Healthy Diet at Midlife Leads to Healthier Aging
When you hear that health is wealth, believe it. Chronic illnesses not only cost you money, but also valuable time with family and friends. Modern science can keep us alive for years with ventilators and dialysis, but is that quality of life?
A recent study by researchers at Harvard T.H. Chan School of Public Health, University of Copenhagen, and University of Montreal discovered that eating a nutritious diet containing lots of plant-based foods, low to moderate consumption of healthy animal-based foods, and minimal ultra-processed foods was associated with a higher likelihood of aging healthfully. Healthy aging is characterized by reaching age 70 and being free of major chronic diseases. Your physical, cognitive, and mental health are all intact.

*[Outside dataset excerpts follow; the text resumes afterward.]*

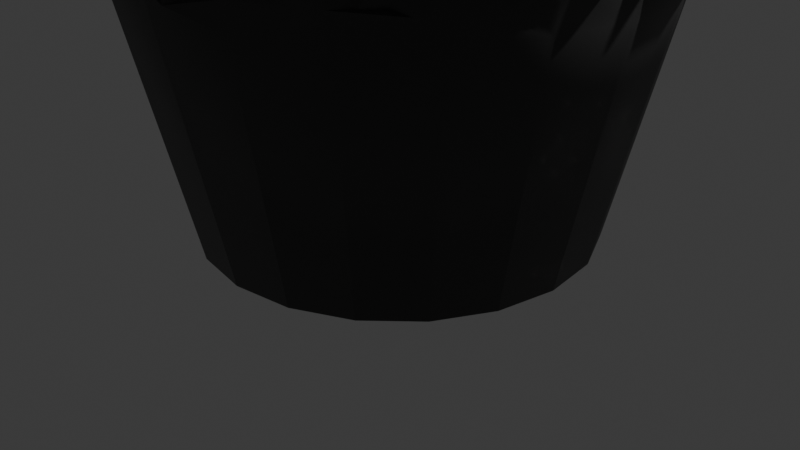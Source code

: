 # Source: plant.blend  (saved by Blender 4.2.66; exported with 4.5.12 LTS)
import bpy
from mathutils import Matrix  # noqa: F401  (used for matrix-valued properties, if any)

bpy.ops.wm.read_factory_settings(use_empty=True)
scene = bpy.context.scene
scene.name = 'Scene'

# ---- collections
col_collection = bpy.data.collections.new('Collection'); scene.collection.children.link(col_collection)
col_plant = bpy.data.collections.new('Plant'); scene.collection.children.link(col_plant)
col_leaves = bpy.data.collections.new('Leaves'); col_plant.children.link(col_leaves)

# ---- images (referenced by path relative to the original .blend; pixels are not part of the script)
import os
ASSET_DIR = os.environ.get("B2B_ASSET_DIR", "")  # directory of the original .blend (textures are referenced by path, not embedded)
HERE = os.path.dirname(os.path.abspath(__file__))  # packed textures are extracted next to this script under _unpacked/

def load_image(name, relpath, width, height, colorspace="sRGB"):
    """Load a texture the original file referenced (path relative to the .blend, or extracted next to this script)."""
    p = next((c for c in (os.path.join(HERE, relpath), os.path.join(ASSET_DIR, relpath)) if relpath and os.path.exists(c)), "")
    if p:
        img = bpy.data.images.load(p, check_existing=True)
        img.name = name
    else:  # same state as the original file: an image datablock whose file is absent (Cycles renders it pink)
        img = bpy.data.images.new(name, width, height)
        img.source = "FILE"
        img.filepath = "//" + (relpath or name)
    img.colorspace_settings.name = colorspace
    return img
img_grounddirtweedspatchy004_ao_2k = load_image('GroundDirtWeedsPatchy004_AO_2K', 'GroundDirtWeedsPatchy004_AO_2K.jpg', 1024, 1024, 'Non-Color')
img_grounddirtweedspatchy004_bump16_2k = load_image('GroundDirtWeedsPatchy004_BUMP16_2K', 'GroundDirtWeedsPatchy004_BUMP16_2K.tif', 1024, 1024, 'Non-Color')
img_grounddirtweedspatchy004_col_2k = load_image('GroundDirtWeedsPatchy004_COL_2K', 'GroundDirtWeedsPatchy004_COL_2K.jpg', 1024, 1024, 'sRGB')
img_grounddirtweedspatchy004_disp16_2k = load_image('GroundDirtWeedsPatchy004_DISP16_2K', 'GroundDirtWeedsPatchy004_DISP16_2K.tif', 1024, 1024, 'Non-Color')
img_grounddirtweedspatchy004_gloss_2k = load_image('GroundDirtWeedsPatchy004_GLOSS_2K', 'GroundDirtWeedsPatchy004_GLOSS_2K.jpg', 1024, 1024, 'Non-Color')
img_grounddirtweedspatchy004_nrm_2k = load_image('GroundDirtWeedsPatchy004_NRM_2K', 'GroundDirtWeedsPatchy004_NRM_2K.jpg', 1024, 1024, 'Non-Color')
img_grounddirtweedspatchy004_refl_2k = load_image('GroundDirtWeedsPatchy004_REFL_2K', 'GroundDirtWeedsPatchy004_REFL_2K.jpg', 1024, 1024, 'sRGB')

# ---- materials (node trees are filled in below, after node groups)
mat_material_001 = bpy.data.materials.new('Material.001')
mat_grounddirtweedspatchy004_2k = bpy.data.materials.new('GroundDirtWeedsPatchy004_2K')
mat_leaf = bpy.data.materials.new('Leaf')

# ---- node groups
ng_simple_uv_mapping = bpy.data.node_groups.new('.simple_uv_mapping', 'ShaderNodeTree')
_s = ng_simple_uv_mapping.interface.new_socket(name='UV', in_out='OUTPUT', socket_type='NodeSocketVector')
_s = ng_simple_uv_mapping.interface.new_socket(name='UV', in_out='INPUT', socket_type='NodeSocketVector')
_s = ng_simple_uv_mapping.interface.new_socket(name='Scale', in_out='INPUT', socket_type='NodeSocketFloat')
_s = ng_simple_uv_mapping.interface.new_socket(name='Rotation', in_out='INPUT', socket_type='NodeSocketFloat')
_s = ng_simple_uv_mapping.interface.new_socket(name='Translate X', in_out='INPUT', socket_type='NodeSocketFloat')
_s = ng_simple_uv_mapping.interface.new_socket(name='Translate Y', in_out='INPUT', socket_type='NodeSocketFloat')
_s = ng_simple_uv_mapping.interface.new_socket(name='Aspect Ratio', in_out='INPUT', socket_type='NodeSocketFloat')
_N = ng_simple_uv_mapping.nodes; _L = ng_simple_uv_mapping.links
n0 = _N.new('NodeGroupInput'); n0.name = 'Group Input'; n0.location = (0, 0)
n1 = _N.new('NodeGroupOutput'); n1.name = 'Group Output'; n1.location = (1250, 0)
n2 = _N.new('ShaderNodeVectorMath'); n2.name = 'Scale (Multiply)'; n2.location = (250, 0)
n2.label = 'Scale (Multiply)'
n2.operation = 'MULTIPLY'
n3 = _N.new('ShaderNodeCombineXYZ'); n3.name = 'Aspect Ratio Factor'; n3.location = (250, -350)
n3.label = 'Aspect Ratio Factor'
n3.inputs[0].default_value = 1.0
n3.inputs[2].default_value = 1.0
n4 = _N.new('ShaderNodeVectorMath'); n4.name = 'Aspect Ration (Multiply)'; n4.location = (500, 0)
n4.label = 'Aspect Ration (Multiply)'
n4.operation = 'MULTIPLY'
n5 = _N.new('ShaderNodeCombineXYZ'); n5.name = 'Translation Offset'; n5.location = (500, -350)
n5.label = 'Translation Offset'
n6 = _N.new('ShaderNodeVectorMath'); n6.name = 'Translation (Add)'; n6.location = (750, 0)
n6.label = 'Translation (Add)'
n7 = _N.new('ShaderNodeMath'); n7.name = 'Math'; n7.location = (750, -350)
n7.operation = 'RADIANS'
n8 = _N.new('ShaderNodeVectorRotate'); n8.name = 'Vector Rotate'; n8.location = (1000, 0)
_L.new(n0.outputs[0], n2.inputs[0])
_L.new(n0.outputs[1], n2.inputs[1])
_L.new(n0.outputs[5], n3.inputs[1])
_L.new(n0.outputs[3], n5.inputs[0])
_L.new(n0.outputs[4], n5.inputs[1])
_L.new(n0.outputs[2], n7.inputs[0])
_L.new(n2.outputs[0], n4.inputs[0])
_L.new(n3.outputs[0], n4.inputs[1])
_L.new(n4.outputs[0], n6.inputs[0])
_L.new(n5.outputs[0], n6.inputs[1])
_L.new(n6.outputs[0], n8.inputs[0])
_L.new(n7.outputs[0], n8.inputs[3])
_L.new(n8.outputs[0], n1.inputs[0])
n1.is_active_output = True

# ---- material node trees
mat_material_001.use_nodes = True; mat_material_001.node_tree.nodes.clear()
_N = mat_material_001.node_tree.nodes; _L = mat_material_001.node_tree.links
n0 = _N.new('ShaderNodeBsdfPrincipled'); n0.name = 'Principled BSDF'; n0.location = (10, 300)
n0.inputs[0].default_value = (0.03828, 0.03828, 0.03828, 1.0)
n1 = _N.new('ShaderNodeOutputMaterial'); n1.name = 'Material Output'; n1.location = (300, 300)
_L.new(n0.outputs[0], n1.inputs[0])
n1.is_active_output = True
mat_grounddirtweedspatchy004_2k.use_nodes = True; mat_grounddirtweedspatchy004_2k.node_tree.nodes.clear()
_N = mat_grounddirtweedspatchy004_2k.node_tree.nodes; _L = mat_grounddirtweedspatchy004_2k.node_tree.links
n0 = _N.new('ShaderNodeBsdfPrincipled'); n0.name = 'Principled BSDF'; n0.location = (-50, 300)
n0.distribution = 'GGX'
n0.subsurface_method = 'RANDOM_WALK_SKIN'
n1 = _N.new('ShaderNodeOutputMaterial'); n1.name = 'Material Output'; n1.location = (300, 300)
n2 = _N.new('NodeFrame'); n2.name = 'Textures'; n2.location = (0, 0)
n2.label = 'Textures'
n2.width = 150
n3 = _N.new('ShaderNodeTexImage'); n3.name = 'AO'; n3.location = (-650, -50)
n3.label = 'AO'
n3.image = img_grounddirtweedspatchy004_ao_2k
n4 = _N.new('ShaderNodeTexImage'); n4.name = 'BUMP16'; n4.location = (-650, -1800)
n4.label = 'BUMP16'
n4.image = img_grounddirtweedspatchy004_bump16_2k
n5 = _N.new('ShaderNodeTexImage'); n5.name = 'COL'; n5.location = (-650, 300)
n5.label = 'COL'
n5.image = img_grounddirtweedspatchy004_col_2k
n6 = _N.new('ShaderNodeTexImage'); n6.name = 'DISP16'; n6.location = (-650, -1450)
n6.label = 'DISP16'
n6.image = img_grounddirtweedspatchy004_disp16_2k
n6.interpolation = 'Cubic'
n7 = _N.new('ShaderNodeTexImage'); n7.name = 'GLOSS'; n7.location = (-650, -750)
n7.label = 'GLOSS'
n7.image = img_grounddirtweedspatchy004_gloss_2k
n8 = _N.new('ShaderNodeTexImage'); n8.name = 'NRM'; n8.location = (-650, -1100)
n8.label = 'NRM'
n8.image = img_grounddirtweedspatchy004_nrm_2k
n9 = _N.new('ShaderNodeTexImage'); n9.name = 'REFL'; n9.location = (-650, -400)
n9.label = 'REFL'
n9.image = img_grounddirtweedspatchy004_refl_2k
n10 = _N.new('ShaderNodeMix'); n10.name = 'COLOR * AO'; n10.location = (-300, 300)
n10.label = 'COLOR * AO'
n10.data_type = 'RGBA'
n10.blend_type = 'MULTIPLY'
n10.inputs[0].default_value = 0.0
n11 = _N.new('ShaderNodeDisplacement'); n11.name = 'Displacement'; n11.location = (-300, -1450)
n11.inputs[2].default_value = 0.05
n12 = _N.new('ShaderNodeNormalMap'); n12.name = 'Normal Map'; n12.location = (-300, -1100)
n13 = _N.new('ShaderNodeInvert'); n13.name = 'Invert Gloss'; n13.location = (-300, -750)
n13.label = 'Invert Gloss'
n14 = _N.new('NodeFrame'); n14.name = 'Texture Projection/Mapping'; n14.location = (0, 0)
n14.label = 'Texture Projection/Mapping'
n14.width = 150
n15 = _N.new('ShaderNodeTexCoord'); n15.name = 'Texture Coordinate'; n15.location = (-1250, 300)
n16 = _N.new('ShaderNodeGroup'); n16.name = '.simple_uv_mapping'; n16.location = (-1000, 300)
n16.label = '.simple_uv_mapping'
n16.width = 250
n16.node_tree = ng_simple_uv_mapping
n16.inputs[1].default_value = 1.0
n16.inputs[2].default_value = 0.0
n16.inputs[3].default_value = 0.0
n16.inputs[4].default_value = 0.0
n16.inputs[5].default_value = 1.0
n3.parent = n2
n4.parent = n2
n5.parent = n2
n6.parent = n2
n7.parent = n2
n8.parent = n2
n9.parent = n2
n15.parent = n14
n16.parent = n14
_L.new(n0.outputs[0], n1.inputs[0])
_L.new(n5.outputs[0], n10.inputs[6])
_L.new(n3.outputs[0], n10.inputs[7])
_L.new(n10.outputs[2], n0.inputs[0])
_L.new(n6.outputs[0], n11.inputs[0])
_L.new(n9.outputs[0], n0.inputs[1])
_L.new(n8.outputs[0], n12.inputs[1])
_L.new(n12.outputs[0], n0.inputs[5])
_L.new(n7.outputs[0], n13.inputs[1])
_L.new(n13.outputs[0], n0.inputs[2])
_L.new(n15.outputs[2], n16.inputs[0])
_L.new(n16.outputs[0], n3.inputs[0])
_L.new(n16.outputs[0], n4.inputs[0])
_L.new(n16.outputs[0], n5.inputs[0])
_L.new(n16.outputs[0], n6.inputs[0])
_L.new(n16.outputs[0], n7.inputs[0])
_L.new(n16.outputs[0], n8.inputs[0])
_L.new(n16.outputs[0], n9.inputs[0])
n1.is_active_output = True
mat_leaf.use_nodes = True; mat_leaf.node_tree.nodes.clear()
_N = mat_leaf.node_tree.nodes; _L = mat_leaf.node_tree.links
n0 = _N.new('ShaderNodeBsdfPrincipled'); n0.name = 'Principled BSDF'; n0.location = (10, 300)
n0.inputs[0].default_value = (0.1544, 0.3769, 0.09387, 1.0)
n1 = _N.new('ShaderNodeOutputMaterial'); n1.name = 'Material Output'; n1.location = (300, 300)
_L.new(n0.outputs[0], n1.inputs[0])
n1.is_active_output = True

# ---- world
world_world = bpy.data.worlds.new('World'); scene.world = world_world
world_world.use_nodes = True; world_world.node_tree.nodes.clear()
_N = world_world.node_tree.nodes; _L = world_world.node_tree.links
n0 = _N.new('ShaderNodeOutputWorld'); n0.name = 'World Output'; n0.location = (300, 300)
n1 = _N.new('ShaderNodeBackground'); n1.name = 'Background'; n1.location = (10, 300)
n1.inputs[0].default_value = (0.05088, 0.05088, 0.05088, 1.0)
_L.new(n1.outputs[0], n0.inputs[0])
n0.is_active_output = True
world_world.color = (0.05088, 0.05088, 0.05088)
world_world.sun_shadow_jitter_overblur = 0.0

# ---- cameras
cam_camera = bpy.data.cameras.new('Camera')
cam_camera.clip_end = 100.0
cam_camera.ortho_scale = 7.314

# ---- lights
light_light = bpy.data.lights.new('Light', 'POINT')
light_light.energy = 1000.0
light_light.shadow_soft_size = 0.1

# ---- meshes
me_vert = bpy.data.meshes.new('Vert')
me_vert.from_pydata([(0.0, 0.0, 0.0), (0.0, 2.01, 0.0), (5.792e-16, 2.623, 2.608), (0.00081, 2.796, 2.814), (6.39e-16, 2.672, 4.21), (6.39e-16, 2.502, 4.21), (6.39e-16, 2.502, 2.885), (5.855e-16, 2.46, 2.644), (2.088e-17, 1.857, 0.1011), (2.088e-17, -0.0001781, 0.1011), (0.0, 0.0, 0.0), (-0.6212, 1.912, 0.0), (-0.8096, 2.618, 2.545), (-0.825, 2.665, 2.814), (-0.8258, 2.541, 4.21), (-0.7732, 2.38, 4.21), (-0.7732, 2.38, 2.885), (-0.7601, 2.339, 2.644), (-0.5738, 1.766, 0.1011), (5.504e-05, -0.0001694, 0.1011), (0.0, 0.0, 0.0), (-1.182, 1.626, 0.0), (-1.542, 2.122, 2.608), (-1.571, 2.162, 2.878), (-1.651, 2.235, 4.166), (-1.471, 2.024, 4.21), (-1.471, 2.024, 2.885), (-1.446, 1.99, 2.644), (-1.091, 1.502, 0.1011), (0.0001047, -0.0001441, 0.1011), (0.0, 0.0, 0.0), (-1.626, 1.182, 0.0), (-2.122, 1.542, 2.608), (-2.242, 1.643, 2.833), (-2.162, 1.571, 4.21), (-2.024, 1.471, 4.21), (-2.024, 1.471, 2.885), (-1.99, 1.446, 2.644), (-1.502, 1.091, 0.1011), (0.0001441, -0.0001047, 0.1011), (0.0, 0.0, 0.0), (-1.912, 0.6212, 0.0), (-2.494, 0.8104, 2.608), (-2.541, 0.8258, 2.878), (-2.541, 0.8258, 4.21), (-2.38, 0.7732, 4.21), (-2.38, 0.7732, 2.885), (-2.339, 0.7601, 2.644), (-1.766, 0.5738, 0.1011), (0.0001694, -5.504e-05, 0.1011), (0.0, 0.0, 0.0), (-2.01, -8.787e-08, 0.0), (-2.623, -1.146e-07, 2.608), (-2.741, -1.164e-07, 2.833), (-2.672, -1.168e-07, 4.21), (-2.502, -1.094e-07, 4.21), (-2.502, -1.094e-07, 2.885), (-2.46, -1.075e-07, 2.644), (-1.857, -8.116e-08, 0.1011), (0.0001781, 7.785e-12, 0.1011), (0.0, 0.0, 0.0), (-1.912, -0.6212, 0.0), (-2.494, -0.8104, 2.608), (-2.61, -0.8686, 2.825), (-2.541, -0.8258, 4.21), (-2.38, -0.7732, 4.21), (-2.38, -0.7732, 2.885), (-2.339, -0.7601, 2.644), (-1.766, -0.5738, 0.1011), (0.0001694, 5.504e-05, 0.1011), (0.0, 0.0, 0.0), (-1.626, -1.182, 0.0), (-2.122, -1.542, 2.608), (-2.23, -1.612, 2.875), (-2.162, -1.571, 4.21), (-2.024, -1.471, 4.21), (-2.024, -1.471, 2.885), (-1.99, -1.446, 2.644), (-1.502, -1.091, 0.1011), (0.0001441, 0.0001047, 0.1011), (0.0, 0.0, 0.0), (-1.182, -1.626, 0.0), (-1.542, -2.122, 2.608), (-1.571, -2.162, 2.878), (-1.571, -2.162, 4.21), (-1.471, -2.024, 4.21), (-1.471, -2.024, 2.885), (-1.446, -1.99, 2.644), (-1.091, -1.502, 0.1011), (0.0001047, 0.0001441, 0.1011), (0.0, 0.0, 0.0), (-0.6212, -1.912, 0.0), (-0.8104, -2.494, 2.608), (-0.8258, -2.541, 2.878), (-0.8258, -2.541, 4.21), (-0.7732, -2.38, 4.21), (-0.7732, -2.38, 2.885), (-0.7601, -2.339, 2.644), (-0.5738, -1.766, 0.1011), (5.504e-05, 0.0001694, 0.1011), (0.0, 0.0, 0.0), (1.757e-07, -2.01, 0.0), (2.293e-07, -2.623, 2.608), (2.336e-07, -2.672, 2.878), (2.336e-07, -2.672, 4.21), (2.187e-07, -2.502, 4.21), (2.187e-07, -2.502, 2.885), (2.15e-07, -2.46, 2.644), (1.623e-07, -1.857, 0.1011), (-1.557e-11, 0.0001781, 0.1011), (0.0, 0.0, 0.0), (0.6212, -1.912, 0.0), (0.8104, -2.494, 2.608), (0.8258, -2.541, 2.878), (0.8258, -2.541, 4.21), (0.7732, -2.38, 4.21), (0.7732, -2.38, 2.885), (0.7601, -2.339, 2.644), (0.5738, -1.766, 0.1011), (-5.504e-05, 0.0001694, 0.1011), (0.0, 0.0, 0.0), (1.182, -1.626, 0.0), (1.542, -2.122, 2.608), (1.571, -2.162, 2.878), (1.571, -2.162, 4.21), (1.471, -2.024, 4.21), (1.471, -2.024, 2.885), (1.446, -1.99, 2.644), (1.091, -1.502, 0.1011), (-0.0001047, 0.0001441, 0.1011), (0.0, 0.0, 0.0), (1.626, -1.182, 0.0), (2.122, -1.542, 2.608), (2.162, -1.571, 2.878), (2.162, -1.571, 4.21), (2.024, -1.471, 4.21), (2.024, -1.471, 2.885), (1.99, -1.446, 2.644), (1.502, -1.091, 0.1011), (-0.0001441, 0.0001047, 0.1011), (0.0, 0.0, 0.0), (1.912, -0.6212, 0.0), (2.494, -0.8104, 2.608), (2.541, -0.8258, 2.878), (2.541, -0.8258, 4.21), (2.38, -0.7732, 4.21), (2.38, -0.7732, 2.885), (2.339, -0.7601, 2.644), (1.766, -0.5738, 0.1011), (-0.0001694, 5.504e-05, 0.1011), (0.0, 0.0, 0.0), (2.01, 2.397e-08, 0.0), (2.623, 3.127e-08, 2.608), (2.672, 3.187e-08, 2.878), (2.672, 3.187e-08, 4.21), (2.502, 2.984e-08, 4.21), (2.502, 2.984e-08, 2.885), (2.46, 2.933e-08, 2.644), (1.857, 2.214e-08, 0.1011), (-0.0001781, -2.124e-12, 0.1011), (0.0, 0.0, 0.0), (1.912, 0.6212, 0.0), (2.494, 0.8104, 2.608), (2.541, 0.8258, 2.878), (2.541, 0.8258, 4.21), (2.38, 0.7732, 4.21), (2.38, 0.7732, 2.885), (2.339, 0.7601, 2.644), (1.766, 0.5738, 0.1011), (-0.0001694, -5.504e-05, 0.1011), (0.0, 0.0, 0.0), (1.626, 1.182, 0.0), (2.122, 1.542, 2.608), (2.255, 1.655, 2.791), (2.162, 1.571, 4.21), (2.024, 1.471, 4.21), (2.024, 1.471, 2.885), (1.99, 1.446, 2.644), (1.502, 1.091, 0.1011), (-0.0001441, -0.0001047, 0.1011), (0.0, 0.0, 0.0), (1.182, 1.626, 0.0), (1.542, 2.122, 2.608), (1.664, 2.246, 2.791), (1.571, 2.162, 4.21), (1.471, 2.024, 4.21), (1.471, 2.024, 2.885), (1.446, 1.99, 2.644), (1.091, 1.502, 0.1011), (-0.0001047, -0.0001441, 0.1011), (0.0, 0.0, 0.0), (0.6212, 1.912, 0.0), (0.8104, 2.494, 2.608), (0.8742, 2.623, 2.811), (0.8258, 2.541, 4.21), (0.7732, 2.38, 4.21), (0.7732, 2.38, 2.885), (0.7601, 2.339, 2.644), (0.5738, 1.766, 0.1011), (-5.504e-05, -0.0001694, 0.1011), (2.752e-05, -0.0001737, 0.1011), (7.986e-05, -0.0001567, 0.1011), (0.0001244, -0.0001244, 0.1011), (0.0001567, -7.986e-05, 0.1011), (0.0001737, -2.752e-05, 0.1011), (0.0001737, 2.752e-05, 0.1011), (0.0001567, 7.986e-05, 0.1011), (0.0001244, 0.0001244, 0.1011), (7.986e-05, 0.0001567, 0.1011), (2.752e-05, 0.0001737, 0.1011), (-2.752e-05, 0.0001737, 0.1011), (-7.986e-05, 0.0001567, 0.1011), (-0.0001244, 0.0001244, 0.1011), (-0.0001567, 7.986e-05, 0.1011), (-0.0001737, 2.752e-05, 0.1011), (-0.0001737, -2.752e-05, 0.1011), (-0.0001567, -7.986e-05, 0.1011), (-0.0001244, -0.0001244, 0.1011), (-7.986e-05, -0.0001567, 0.1011), (-2.752e-05, -0.0001737, 0.1011), (6.39e-16, 2.672, 3.544), (-0.4129, 2.607, 2.878), (-0.4129, 2.607, 4.21), (-1.198, 2.352, 2.878), (-1.198, 2.352, 4.21), (-1.866, 1.866, 2.878), (-1.866, 1.866, 4.21), (-2.432, 1.271, 2.833), (-2.352, 1.198, 4.21), (-2.607, 0.4129, 2.878), (-2.607, 0.4129, 4.21), (-2.607, -0.4129, 2.878), (-2.607, -0.4129, 4.21), (-2.421, -1.241, 2.825), (-2.352, -1.198, 4.21), (-1.866, -1.866, 2.878), (-1.866, -1.866, 4.21), (-1.217, -2.426, 2.821), (-1.198, -2.352, 4.21), (-0.4129, -2.607, 2.878), (-0.4129, -2.607, 4.21), (0.4243, -2.76, 2.798), (0.4129, -2.607, 4.21), (1.198, -2.352, 2.878), (1.198, -2.352, 4.21), (1.866, -1.866, 2.878), (1.866, -1.866, 4.21), (2.352, -1.198, 2.878), (2.352, -1.198, 4.21), (2.607, -0.4129, 2.878), (2.607, -0.4129, 4.21), (2.607, 0.4129, 2.878), (2.607, 0.4129, 4.21), (2.445, 1.282, 2.791), (2.352, 1.198, 4.21), (1.96, 1.95, 2.791), (1.866, 1.866, 4.21), (1.292, 2.436, 2.791), (1.198, 2.352, 4.21), (0.4137, 2.731, 2.814), (0.4129, 2.607, 4.21), (-0.8258, 2.541, 3.544), (-1.674, 2.257, 3.462), (-2.162, 1.571, 3.544), (-2.67, 0.8541, 3.466), (-2.815, -0.04225, 3.428), (-2.684, -0.9108, 3.42), (-2.162, -1.571, 3.544), (-1.571, -2.162, 3.544), (-0.8258, -2.541, 3.544), (-0.01885, -2.747, 3.487), (0.8258, -2.541, 3.544), (1.641, -2.317, 3.465), (2.234, -1.603, 3.496), (2.613, -0.8581, 3.496), (2.672, 3.187e-08, 3.544), (2.615, 0.8503, 3.498), (2.181, 1.587, 3.526), (1.571, 2.162, 3.544), (0.875, 2.747, 3.414), (0.4129, 2.607, 3.544), (1.34, 2.517, 3.39), (1.866, 1.866, 3.544), (2.445, 1.282, 3.457), (2.681, 0.4374, 3.498), (2.731, -0.4224, 3.486), (2.352, -1.198, 3.544), (1.897, -1.945, 3.521), (1.198, -2.352, 3.544), (0.3682, -2.75, 3.425), (-0.4084, -2.754, 3.458), (-1.224, -2.421, 3.481), (-1.94, -1.909, 3.472), (-2.352, -1.198, 3.544), (-2.607, -0.4129, 3.544), (-2.607, 0.4129, 3.544), (-2.352, 1.198, 3.544), (-1.866, 1.866, 3.544), (-1.198, 2.352, 3.544), (-0.4113, 2.783, 3.432), (0.001543, 2.849, 3.765), (-0.2064, 2.64, 2.878), (-0.2064, 2.64, 4.21), (-1.012, 2.447, 2.878), (-1.012, 2.447, 4.21), (-1.719, 2.014, 2.878), (-1.719, 2.014, 4.21), (-2.257, 1.384, 2.878), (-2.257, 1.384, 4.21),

Frank Hu, Fredrick J. Stare Professor of Nutrition and Epidemiology and chair of the Department of Nutrition at Harvard Chan School, and co-corresponding author of the study notes, "Studies have previously investigated dietary patterns in the context of specific diseases or how long people live. Ours takes a multifaceted view, asking, How does diet impact people's ability to live independently and enjoy a good quality of life as they age?"
The study was published March 24 in Nature Medicine.
Data from the Nurses' Health Study and the Health Professionals Follow-Up Study were used to evaluate the midlife diets and eventual health of over 105,000 women and men aged 39 to 69 over 30 years.
Subjects regularly filled out diet questionnaires, which the researchers scored on how well participants followed eight healthy diet patterns: the Alternative Healthy Eating Index (AHEI), the Alternative Mediterranean Index (aMED), the Dietary Approaches to Stop Hypertension (DASH), the Mediterranean-DASH Intervention for Neurodegenerative Delay (MIND), the healthful plant-based diet (hPDI), the Planetary Health Diet Index (PHDI), the empirically inflammatory dietary pattern (EDIP), and the empirical dietary index for hyperinsulinemia (EDIH).
Each diet stresses high intakes of fruits, vegetables, whole grains, unsaturated fats, nuts, and legumes. Some also focused on low to moderate consumption of lean or low-fat animal-based foods such as fish and some dairy products. The researchers also evaluated subjects’ intake of industrially manufactured, ultra-processed foods. These typically contain more artificial ingredients, added sugars, sodium, and unhealthy fats.
Research results showed that 9.3% of the study population (9,771 subjects) were healthy. Following any one of the health diet patterns was associated with overall healthy aging and resulted in better cognitive, physical, and mental health.
The most beneficial healthy diet was the AHEI, which was created to prevent chronic diseases. Subjects in the highest quintile of the AHEI score had an 86% higher likelihood of aging healthfully at 70 years and a 2.2-fold higher chance of healthy aging at 75 years, unlike those in the lowest quintile of the AHEI score.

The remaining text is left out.